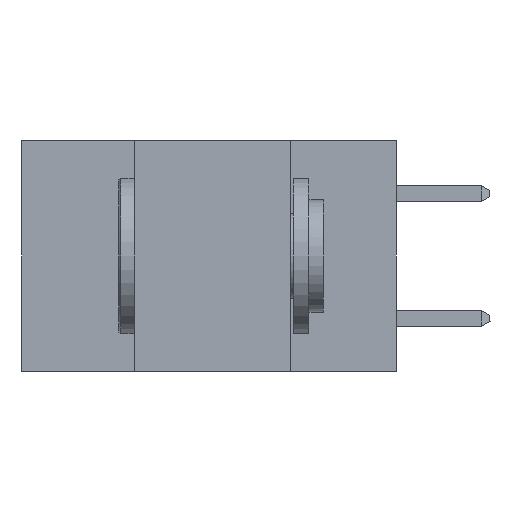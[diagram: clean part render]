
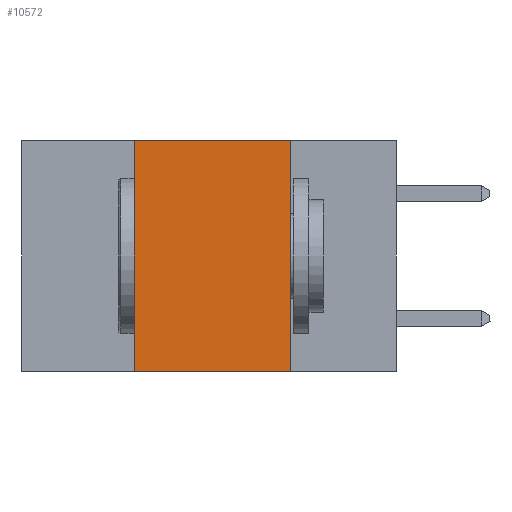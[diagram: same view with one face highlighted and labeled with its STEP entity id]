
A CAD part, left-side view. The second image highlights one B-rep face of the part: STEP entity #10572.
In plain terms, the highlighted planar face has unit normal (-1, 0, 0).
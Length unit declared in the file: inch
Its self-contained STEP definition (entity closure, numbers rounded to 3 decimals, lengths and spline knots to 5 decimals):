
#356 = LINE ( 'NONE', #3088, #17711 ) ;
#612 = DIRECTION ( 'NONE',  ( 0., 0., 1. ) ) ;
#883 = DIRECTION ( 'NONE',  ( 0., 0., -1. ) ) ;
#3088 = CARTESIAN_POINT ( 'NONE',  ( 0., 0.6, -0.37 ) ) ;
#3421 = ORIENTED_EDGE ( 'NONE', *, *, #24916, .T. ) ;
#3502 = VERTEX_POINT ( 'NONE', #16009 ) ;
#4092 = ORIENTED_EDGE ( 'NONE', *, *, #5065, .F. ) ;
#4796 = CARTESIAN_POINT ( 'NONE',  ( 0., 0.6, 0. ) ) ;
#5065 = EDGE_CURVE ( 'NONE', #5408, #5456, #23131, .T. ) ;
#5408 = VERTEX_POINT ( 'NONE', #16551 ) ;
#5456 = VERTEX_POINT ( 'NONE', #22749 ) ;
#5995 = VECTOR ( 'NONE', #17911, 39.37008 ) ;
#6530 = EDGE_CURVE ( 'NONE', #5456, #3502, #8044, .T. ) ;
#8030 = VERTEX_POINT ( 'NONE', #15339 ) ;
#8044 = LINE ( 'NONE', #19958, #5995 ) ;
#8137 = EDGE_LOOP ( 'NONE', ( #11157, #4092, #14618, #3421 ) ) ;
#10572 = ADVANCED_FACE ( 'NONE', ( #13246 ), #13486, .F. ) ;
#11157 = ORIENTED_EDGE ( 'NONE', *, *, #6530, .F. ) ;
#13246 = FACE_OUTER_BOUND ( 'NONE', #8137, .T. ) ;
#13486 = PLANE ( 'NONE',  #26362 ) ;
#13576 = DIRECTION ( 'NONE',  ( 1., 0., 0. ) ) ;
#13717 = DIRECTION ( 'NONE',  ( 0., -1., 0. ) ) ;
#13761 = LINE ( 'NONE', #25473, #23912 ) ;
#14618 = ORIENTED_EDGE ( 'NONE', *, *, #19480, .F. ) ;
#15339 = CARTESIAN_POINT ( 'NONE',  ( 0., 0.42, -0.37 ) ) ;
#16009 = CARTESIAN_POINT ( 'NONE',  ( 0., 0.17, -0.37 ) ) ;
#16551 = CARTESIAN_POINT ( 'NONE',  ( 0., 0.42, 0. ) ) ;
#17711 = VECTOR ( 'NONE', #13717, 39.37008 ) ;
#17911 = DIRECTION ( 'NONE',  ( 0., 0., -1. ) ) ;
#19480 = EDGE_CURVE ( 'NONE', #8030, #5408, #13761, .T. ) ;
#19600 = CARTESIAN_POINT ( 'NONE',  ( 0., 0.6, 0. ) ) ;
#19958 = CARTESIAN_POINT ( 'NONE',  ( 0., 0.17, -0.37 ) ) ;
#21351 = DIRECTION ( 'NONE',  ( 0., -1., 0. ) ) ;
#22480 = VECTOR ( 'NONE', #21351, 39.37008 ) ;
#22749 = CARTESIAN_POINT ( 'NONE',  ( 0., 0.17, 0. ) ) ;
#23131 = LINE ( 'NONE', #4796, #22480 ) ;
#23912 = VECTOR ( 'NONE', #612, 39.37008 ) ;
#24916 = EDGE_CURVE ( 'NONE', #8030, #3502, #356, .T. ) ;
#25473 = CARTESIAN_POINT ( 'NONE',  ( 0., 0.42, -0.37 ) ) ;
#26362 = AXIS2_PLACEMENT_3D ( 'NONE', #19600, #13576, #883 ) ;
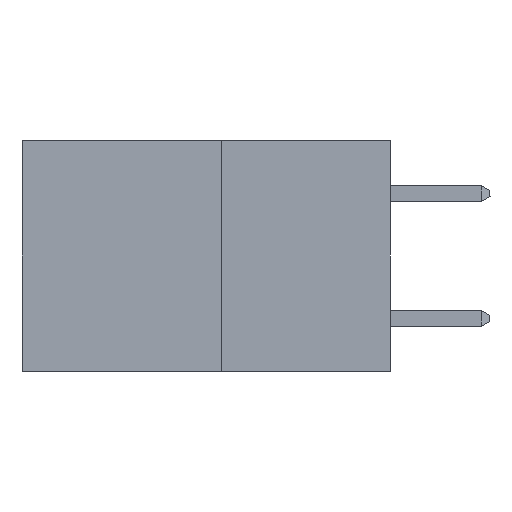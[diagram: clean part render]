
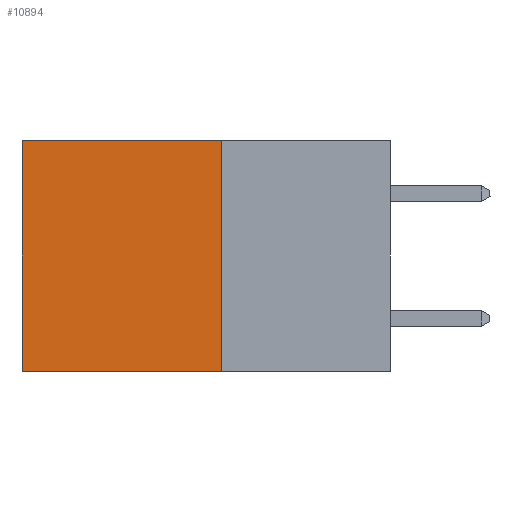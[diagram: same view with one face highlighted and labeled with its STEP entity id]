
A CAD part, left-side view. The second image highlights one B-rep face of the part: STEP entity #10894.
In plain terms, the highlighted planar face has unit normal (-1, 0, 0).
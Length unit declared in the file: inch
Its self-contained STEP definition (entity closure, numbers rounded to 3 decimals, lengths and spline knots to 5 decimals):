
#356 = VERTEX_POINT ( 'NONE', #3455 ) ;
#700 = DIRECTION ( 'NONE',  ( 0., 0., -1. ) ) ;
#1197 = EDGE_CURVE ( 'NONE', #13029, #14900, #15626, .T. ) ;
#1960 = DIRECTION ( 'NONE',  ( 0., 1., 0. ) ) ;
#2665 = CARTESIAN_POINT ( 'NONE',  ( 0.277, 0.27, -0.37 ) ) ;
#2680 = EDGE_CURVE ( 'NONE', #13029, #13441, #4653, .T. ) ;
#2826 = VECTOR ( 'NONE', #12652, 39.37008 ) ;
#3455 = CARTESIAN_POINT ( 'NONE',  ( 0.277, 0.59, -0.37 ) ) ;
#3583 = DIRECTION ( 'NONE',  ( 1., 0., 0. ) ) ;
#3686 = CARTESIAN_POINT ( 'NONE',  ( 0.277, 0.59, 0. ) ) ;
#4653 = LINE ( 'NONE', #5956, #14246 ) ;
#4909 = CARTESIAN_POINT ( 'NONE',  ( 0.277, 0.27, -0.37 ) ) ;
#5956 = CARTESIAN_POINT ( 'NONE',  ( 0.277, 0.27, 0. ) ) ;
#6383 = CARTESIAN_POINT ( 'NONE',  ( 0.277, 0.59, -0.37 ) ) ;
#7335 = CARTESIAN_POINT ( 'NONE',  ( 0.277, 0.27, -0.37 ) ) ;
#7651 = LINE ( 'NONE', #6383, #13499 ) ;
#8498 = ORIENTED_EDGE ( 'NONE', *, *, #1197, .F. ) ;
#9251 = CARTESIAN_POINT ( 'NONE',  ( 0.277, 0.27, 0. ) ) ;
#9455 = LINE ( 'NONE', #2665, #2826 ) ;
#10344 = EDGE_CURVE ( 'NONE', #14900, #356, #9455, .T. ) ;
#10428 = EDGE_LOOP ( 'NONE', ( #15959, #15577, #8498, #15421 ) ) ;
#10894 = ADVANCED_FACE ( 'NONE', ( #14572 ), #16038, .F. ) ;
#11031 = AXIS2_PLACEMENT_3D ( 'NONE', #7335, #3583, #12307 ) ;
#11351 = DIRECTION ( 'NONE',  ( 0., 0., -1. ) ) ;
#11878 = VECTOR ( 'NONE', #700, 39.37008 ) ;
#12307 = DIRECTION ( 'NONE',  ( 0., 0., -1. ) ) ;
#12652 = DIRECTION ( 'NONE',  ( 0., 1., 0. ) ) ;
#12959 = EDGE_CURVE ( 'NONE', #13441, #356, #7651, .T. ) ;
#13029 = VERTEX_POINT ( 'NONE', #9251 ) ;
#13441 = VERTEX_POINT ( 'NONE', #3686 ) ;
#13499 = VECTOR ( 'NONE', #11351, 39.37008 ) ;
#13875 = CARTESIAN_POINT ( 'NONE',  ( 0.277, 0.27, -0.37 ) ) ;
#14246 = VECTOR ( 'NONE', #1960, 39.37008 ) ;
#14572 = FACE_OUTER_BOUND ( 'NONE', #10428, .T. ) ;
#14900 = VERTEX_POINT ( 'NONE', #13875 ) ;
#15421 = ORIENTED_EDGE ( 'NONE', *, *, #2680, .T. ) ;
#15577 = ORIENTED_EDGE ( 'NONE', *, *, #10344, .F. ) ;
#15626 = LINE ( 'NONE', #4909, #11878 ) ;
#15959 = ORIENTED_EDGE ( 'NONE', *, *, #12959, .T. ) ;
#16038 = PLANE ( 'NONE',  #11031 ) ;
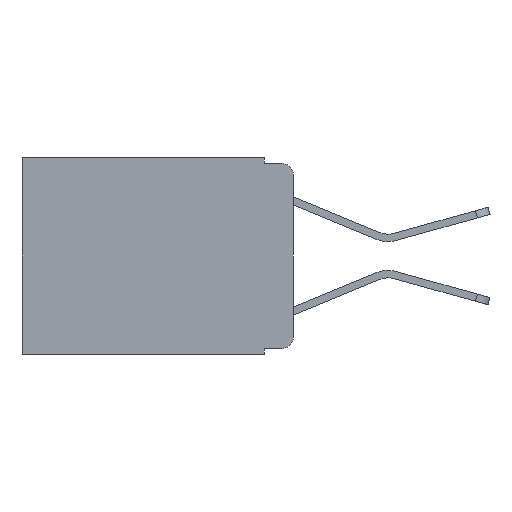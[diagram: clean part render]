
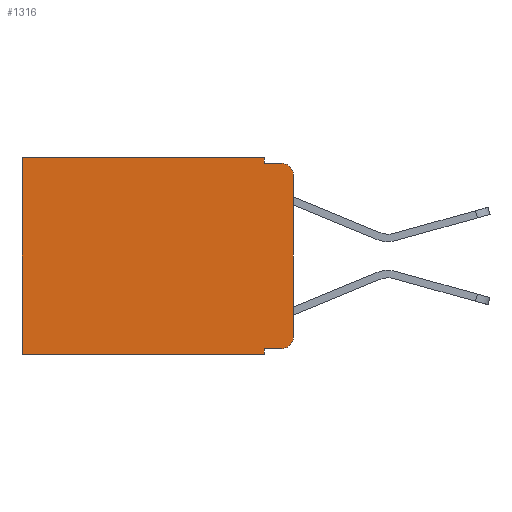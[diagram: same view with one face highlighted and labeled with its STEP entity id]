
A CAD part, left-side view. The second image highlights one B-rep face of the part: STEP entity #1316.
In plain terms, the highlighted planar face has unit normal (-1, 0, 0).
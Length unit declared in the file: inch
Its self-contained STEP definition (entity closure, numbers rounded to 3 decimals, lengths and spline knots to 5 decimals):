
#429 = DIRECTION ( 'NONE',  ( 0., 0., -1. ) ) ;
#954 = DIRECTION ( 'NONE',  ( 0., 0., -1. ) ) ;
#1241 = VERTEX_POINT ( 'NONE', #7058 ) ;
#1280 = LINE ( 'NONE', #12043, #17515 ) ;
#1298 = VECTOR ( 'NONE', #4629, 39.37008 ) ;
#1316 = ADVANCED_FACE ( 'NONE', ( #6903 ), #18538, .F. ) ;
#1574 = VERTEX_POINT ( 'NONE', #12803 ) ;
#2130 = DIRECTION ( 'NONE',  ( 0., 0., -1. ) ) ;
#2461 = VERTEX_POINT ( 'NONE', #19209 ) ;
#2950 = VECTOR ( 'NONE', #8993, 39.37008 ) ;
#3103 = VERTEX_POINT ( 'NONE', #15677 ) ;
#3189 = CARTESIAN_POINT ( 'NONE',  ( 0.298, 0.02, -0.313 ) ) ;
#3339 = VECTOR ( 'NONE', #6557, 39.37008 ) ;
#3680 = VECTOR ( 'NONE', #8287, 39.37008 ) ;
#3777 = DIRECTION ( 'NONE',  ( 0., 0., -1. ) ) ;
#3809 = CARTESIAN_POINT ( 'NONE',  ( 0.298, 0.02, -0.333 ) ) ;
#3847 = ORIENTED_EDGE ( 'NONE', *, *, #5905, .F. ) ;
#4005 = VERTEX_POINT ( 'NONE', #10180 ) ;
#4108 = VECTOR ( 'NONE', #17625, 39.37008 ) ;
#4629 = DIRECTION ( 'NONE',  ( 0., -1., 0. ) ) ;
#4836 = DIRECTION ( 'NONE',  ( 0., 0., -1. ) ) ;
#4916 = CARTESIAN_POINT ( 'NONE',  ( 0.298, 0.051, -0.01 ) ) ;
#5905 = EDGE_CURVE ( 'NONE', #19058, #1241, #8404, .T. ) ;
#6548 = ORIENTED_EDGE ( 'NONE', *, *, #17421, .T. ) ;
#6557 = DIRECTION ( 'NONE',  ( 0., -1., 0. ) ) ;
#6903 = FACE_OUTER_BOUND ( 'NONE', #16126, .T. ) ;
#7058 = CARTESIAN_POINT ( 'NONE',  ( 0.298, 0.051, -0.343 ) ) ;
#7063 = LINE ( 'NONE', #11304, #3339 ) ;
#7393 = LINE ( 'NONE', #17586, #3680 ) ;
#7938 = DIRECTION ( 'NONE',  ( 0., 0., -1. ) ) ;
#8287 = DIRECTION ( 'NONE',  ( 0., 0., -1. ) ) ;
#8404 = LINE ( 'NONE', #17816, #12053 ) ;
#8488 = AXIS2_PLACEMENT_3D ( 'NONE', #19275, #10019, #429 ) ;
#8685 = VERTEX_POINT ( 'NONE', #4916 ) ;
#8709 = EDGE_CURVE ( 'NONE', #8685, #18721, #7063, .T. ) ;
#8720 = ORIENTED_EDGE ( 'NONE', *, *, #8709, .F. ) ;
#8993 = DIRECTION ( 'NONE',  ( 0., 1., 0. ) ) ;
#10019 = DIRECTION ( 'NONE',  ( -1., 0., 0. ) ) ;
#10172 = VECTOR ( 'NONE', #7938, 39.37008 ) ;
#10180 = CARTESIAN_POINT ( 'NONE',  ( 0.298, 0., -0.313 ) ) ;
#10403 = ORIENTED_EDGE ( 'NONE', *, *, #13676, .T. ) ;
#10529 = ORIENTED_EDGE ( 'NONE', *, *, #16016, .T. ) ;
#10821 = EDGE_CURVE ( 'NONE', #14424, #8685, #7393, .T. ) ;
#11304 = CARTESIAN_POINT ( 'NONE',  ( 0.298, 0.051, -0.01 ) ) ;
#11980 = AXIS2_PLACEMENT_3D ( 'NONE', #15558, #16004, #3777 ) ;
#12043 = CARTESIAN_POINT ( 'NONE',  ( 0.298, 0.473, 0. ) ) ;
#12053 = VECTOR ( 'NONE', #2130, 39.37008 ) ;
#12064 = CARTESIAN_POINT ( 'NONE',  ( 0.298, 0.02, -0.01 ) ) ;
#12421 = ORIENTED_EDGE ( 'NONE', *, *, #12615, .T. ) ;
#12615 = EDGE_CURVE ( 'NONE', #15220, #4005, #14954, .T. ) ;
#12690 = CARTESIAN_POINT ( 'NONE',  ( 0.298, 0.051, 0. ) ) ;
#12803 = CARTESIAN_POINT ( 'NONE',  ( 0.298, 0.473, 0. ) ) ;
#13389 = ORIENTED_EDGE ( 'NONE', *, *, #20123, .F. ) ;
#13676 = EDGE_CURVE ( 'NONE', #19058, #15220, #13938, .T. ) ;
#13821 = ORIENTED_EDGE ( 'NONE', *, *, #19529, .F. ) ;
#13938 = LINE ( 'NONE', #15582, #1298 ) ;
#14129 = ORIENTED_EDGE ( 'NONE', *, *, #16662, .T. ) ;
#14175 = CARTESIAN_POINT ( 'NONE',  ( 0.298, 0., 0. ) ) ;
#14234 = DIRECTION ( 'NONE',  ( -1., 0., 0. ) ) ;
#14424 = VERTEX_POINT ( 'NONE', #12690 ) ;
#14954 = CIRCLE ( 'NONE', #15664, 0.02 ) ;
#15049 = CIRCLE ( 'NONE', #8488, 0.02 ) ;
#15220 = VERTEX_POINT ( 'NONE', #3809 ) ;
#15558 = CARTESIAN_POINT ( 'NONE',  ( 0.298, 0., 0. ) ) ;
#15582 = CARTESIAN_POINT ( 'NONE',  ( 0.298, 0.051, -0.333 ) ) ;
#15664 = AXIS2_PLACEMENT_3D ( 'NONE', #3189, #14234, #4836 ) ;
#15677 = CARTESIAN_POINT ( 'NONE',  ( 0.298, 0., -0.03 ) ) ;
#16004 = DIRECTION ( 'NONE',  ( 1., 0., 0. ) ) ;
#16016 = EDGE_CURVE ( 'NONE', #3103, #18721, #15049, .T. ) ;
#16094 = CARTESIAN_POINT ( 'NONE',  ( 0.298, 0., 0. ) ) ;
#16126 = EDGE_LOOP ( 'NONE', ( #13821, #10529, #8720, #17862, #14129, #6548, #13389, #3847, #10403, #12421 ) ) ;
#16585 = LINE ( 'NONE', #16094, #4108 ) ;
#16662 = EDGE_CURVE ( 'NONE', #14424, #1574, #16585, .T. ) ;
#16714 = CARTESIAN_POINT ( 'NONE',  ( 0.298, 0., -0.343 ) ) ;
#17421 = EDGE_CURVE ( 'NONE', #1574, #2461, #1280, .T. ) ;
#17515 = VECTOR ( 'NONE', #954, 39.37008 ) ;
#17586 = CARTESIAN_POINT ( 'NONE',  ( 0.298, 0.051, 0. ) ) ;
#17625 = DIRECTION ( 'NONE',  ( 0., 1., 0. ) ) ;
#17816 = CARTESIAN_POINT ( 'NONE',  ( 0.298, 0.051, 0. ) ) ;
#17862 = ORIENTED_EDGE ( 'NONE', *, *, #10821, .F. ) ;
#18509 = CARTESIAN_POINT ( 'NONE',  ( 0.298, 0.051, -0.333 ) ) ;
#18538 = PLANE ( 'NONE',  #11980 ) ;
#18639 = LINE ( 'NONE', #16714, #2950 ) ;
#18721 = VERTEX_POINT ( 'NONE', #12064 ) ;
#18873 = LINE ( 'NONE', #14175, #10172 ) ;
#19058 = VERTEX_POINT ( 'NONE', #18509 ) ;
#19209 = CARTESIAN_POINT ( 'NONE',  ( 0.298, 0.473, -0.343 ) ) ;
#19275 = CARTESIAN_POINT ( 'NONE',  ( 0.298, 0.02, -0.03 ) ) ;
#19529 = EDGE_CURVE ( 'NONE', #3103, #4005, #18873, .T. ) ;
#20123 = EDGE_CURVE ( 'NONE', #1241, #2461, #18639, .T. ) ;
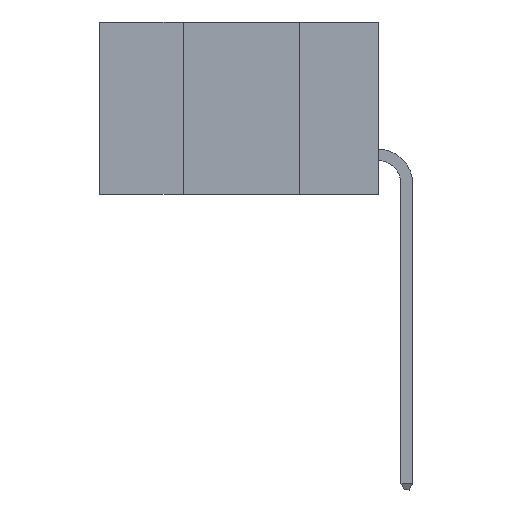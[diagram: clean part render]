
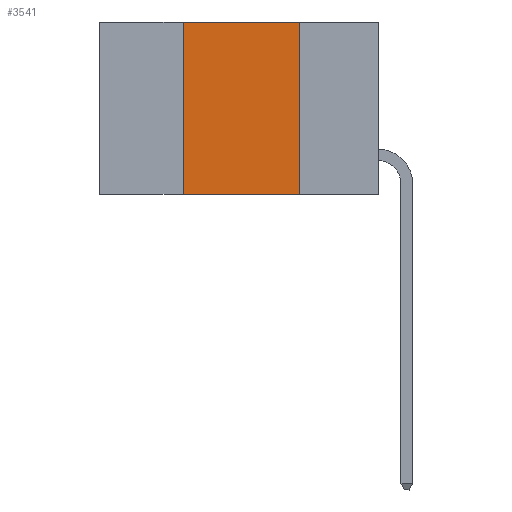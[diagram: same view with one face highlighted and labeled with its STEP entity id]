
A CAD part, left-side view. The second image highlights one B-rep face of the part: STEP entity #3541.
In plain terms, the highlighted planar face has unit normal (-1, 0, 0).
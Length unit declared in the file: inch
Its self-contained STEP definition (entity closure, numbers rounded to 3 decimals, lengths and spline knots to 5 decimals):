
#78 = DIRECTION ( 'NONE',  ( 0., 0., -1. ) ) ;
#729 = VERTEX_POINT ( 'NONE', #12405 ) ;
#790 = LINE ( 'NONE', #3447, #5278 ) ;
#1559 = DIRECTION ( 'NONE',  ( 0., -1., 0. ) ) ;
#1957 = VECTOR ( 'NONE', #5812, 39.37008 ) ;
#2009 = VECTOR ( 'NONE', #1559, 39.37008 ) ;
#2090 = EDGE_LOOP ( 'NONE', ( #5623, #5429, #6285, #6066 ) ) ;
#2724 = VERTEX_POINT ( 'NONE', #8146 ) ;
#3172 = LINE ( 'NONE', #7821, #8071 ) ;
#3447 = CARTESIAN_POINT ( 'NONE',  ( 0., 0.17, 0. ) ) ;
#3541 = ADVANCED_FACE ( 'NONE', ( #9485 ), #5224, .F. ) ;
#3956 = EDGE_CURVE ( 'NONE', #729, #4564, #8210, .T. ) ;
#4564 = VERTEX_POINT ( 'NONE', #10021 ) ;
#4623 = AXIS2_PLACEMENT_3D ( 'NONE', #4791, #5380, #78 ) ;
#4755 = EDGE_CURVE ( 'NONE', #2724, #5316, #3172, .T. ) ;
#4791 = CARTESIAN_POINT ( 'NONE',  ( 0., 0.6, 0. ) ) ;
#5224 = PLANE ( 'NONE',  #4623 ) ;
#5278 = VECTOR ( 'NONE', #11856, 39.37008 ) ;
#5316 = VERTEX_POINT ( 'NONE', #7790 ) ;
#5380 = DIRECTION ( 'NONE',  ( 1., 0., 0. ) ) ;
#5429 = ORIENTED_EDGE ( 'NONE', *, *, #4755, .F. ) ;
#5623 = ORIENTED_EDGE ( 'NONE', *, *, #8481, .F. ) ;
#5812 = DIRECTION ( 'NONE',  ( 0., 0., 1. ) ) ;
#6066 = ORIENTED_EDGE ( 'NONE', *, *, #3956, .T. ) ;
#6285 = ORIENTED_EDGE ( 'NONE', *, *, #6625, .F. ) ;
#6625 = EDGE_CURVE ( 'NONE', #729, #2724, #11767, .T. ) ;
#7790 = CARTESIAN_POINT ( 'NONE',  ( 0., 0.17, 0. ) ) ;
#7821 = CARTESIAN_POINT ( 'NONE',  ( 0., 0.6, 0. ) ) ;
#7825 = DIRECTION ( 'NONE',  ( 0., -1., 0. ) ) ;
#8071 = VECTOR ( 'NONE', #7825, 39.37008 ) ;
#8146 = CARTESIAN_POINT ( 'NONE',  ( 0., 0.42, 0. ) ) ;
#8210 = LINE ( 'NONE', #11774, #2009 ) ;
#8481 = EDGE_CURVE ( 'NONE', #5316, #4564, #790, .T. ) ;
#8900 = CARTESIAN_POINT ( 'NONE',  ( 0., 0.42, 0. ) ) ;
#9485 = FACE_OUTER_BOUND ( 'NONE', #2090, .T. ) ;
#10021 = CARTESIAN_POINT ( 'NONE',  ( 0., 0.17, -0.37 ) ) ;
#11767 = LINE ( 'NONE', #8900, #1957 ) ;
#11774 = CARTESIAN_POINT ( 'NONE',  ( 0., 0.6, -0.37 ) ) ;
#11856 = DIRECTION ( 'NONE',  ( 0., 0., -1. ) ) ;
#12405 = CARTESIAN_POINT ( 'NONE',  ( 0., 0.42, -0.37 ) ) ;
● ● ●
| EXERCISE PROMPT |
Of the entries listed above, reproduce only the lines starting at the line containing "#2665 = CARTESIAN_POINT" and ending at the line containing "#3686 = CARTESIAN_POINT". Include both, exactly as they stand.

| RESPONSE |
#2665 = CARTESIAN_POINT ( 'NONE',  ( 0.277, 0.27, -0.37 ) ) ;
#2680 = EDGE_CURVE ( 'NONE', #13029, #13441, #4653, .T. ) ;
#2826 = VECTOR ( 'NONE', #12652, 39.37008 ) ;
#3455 = CARTESIAN_POINT ( 'NONE',  ( 0.277, 0.59, -0.37 ) ) ;
#3583 = DIRECTION ( 'NONE',  ( 1., 0., 0. ) ) ;
#3686 = CARTESIAN_POINT ( 'NONE',  ( 0.277, 0.59, 0. ) ) ;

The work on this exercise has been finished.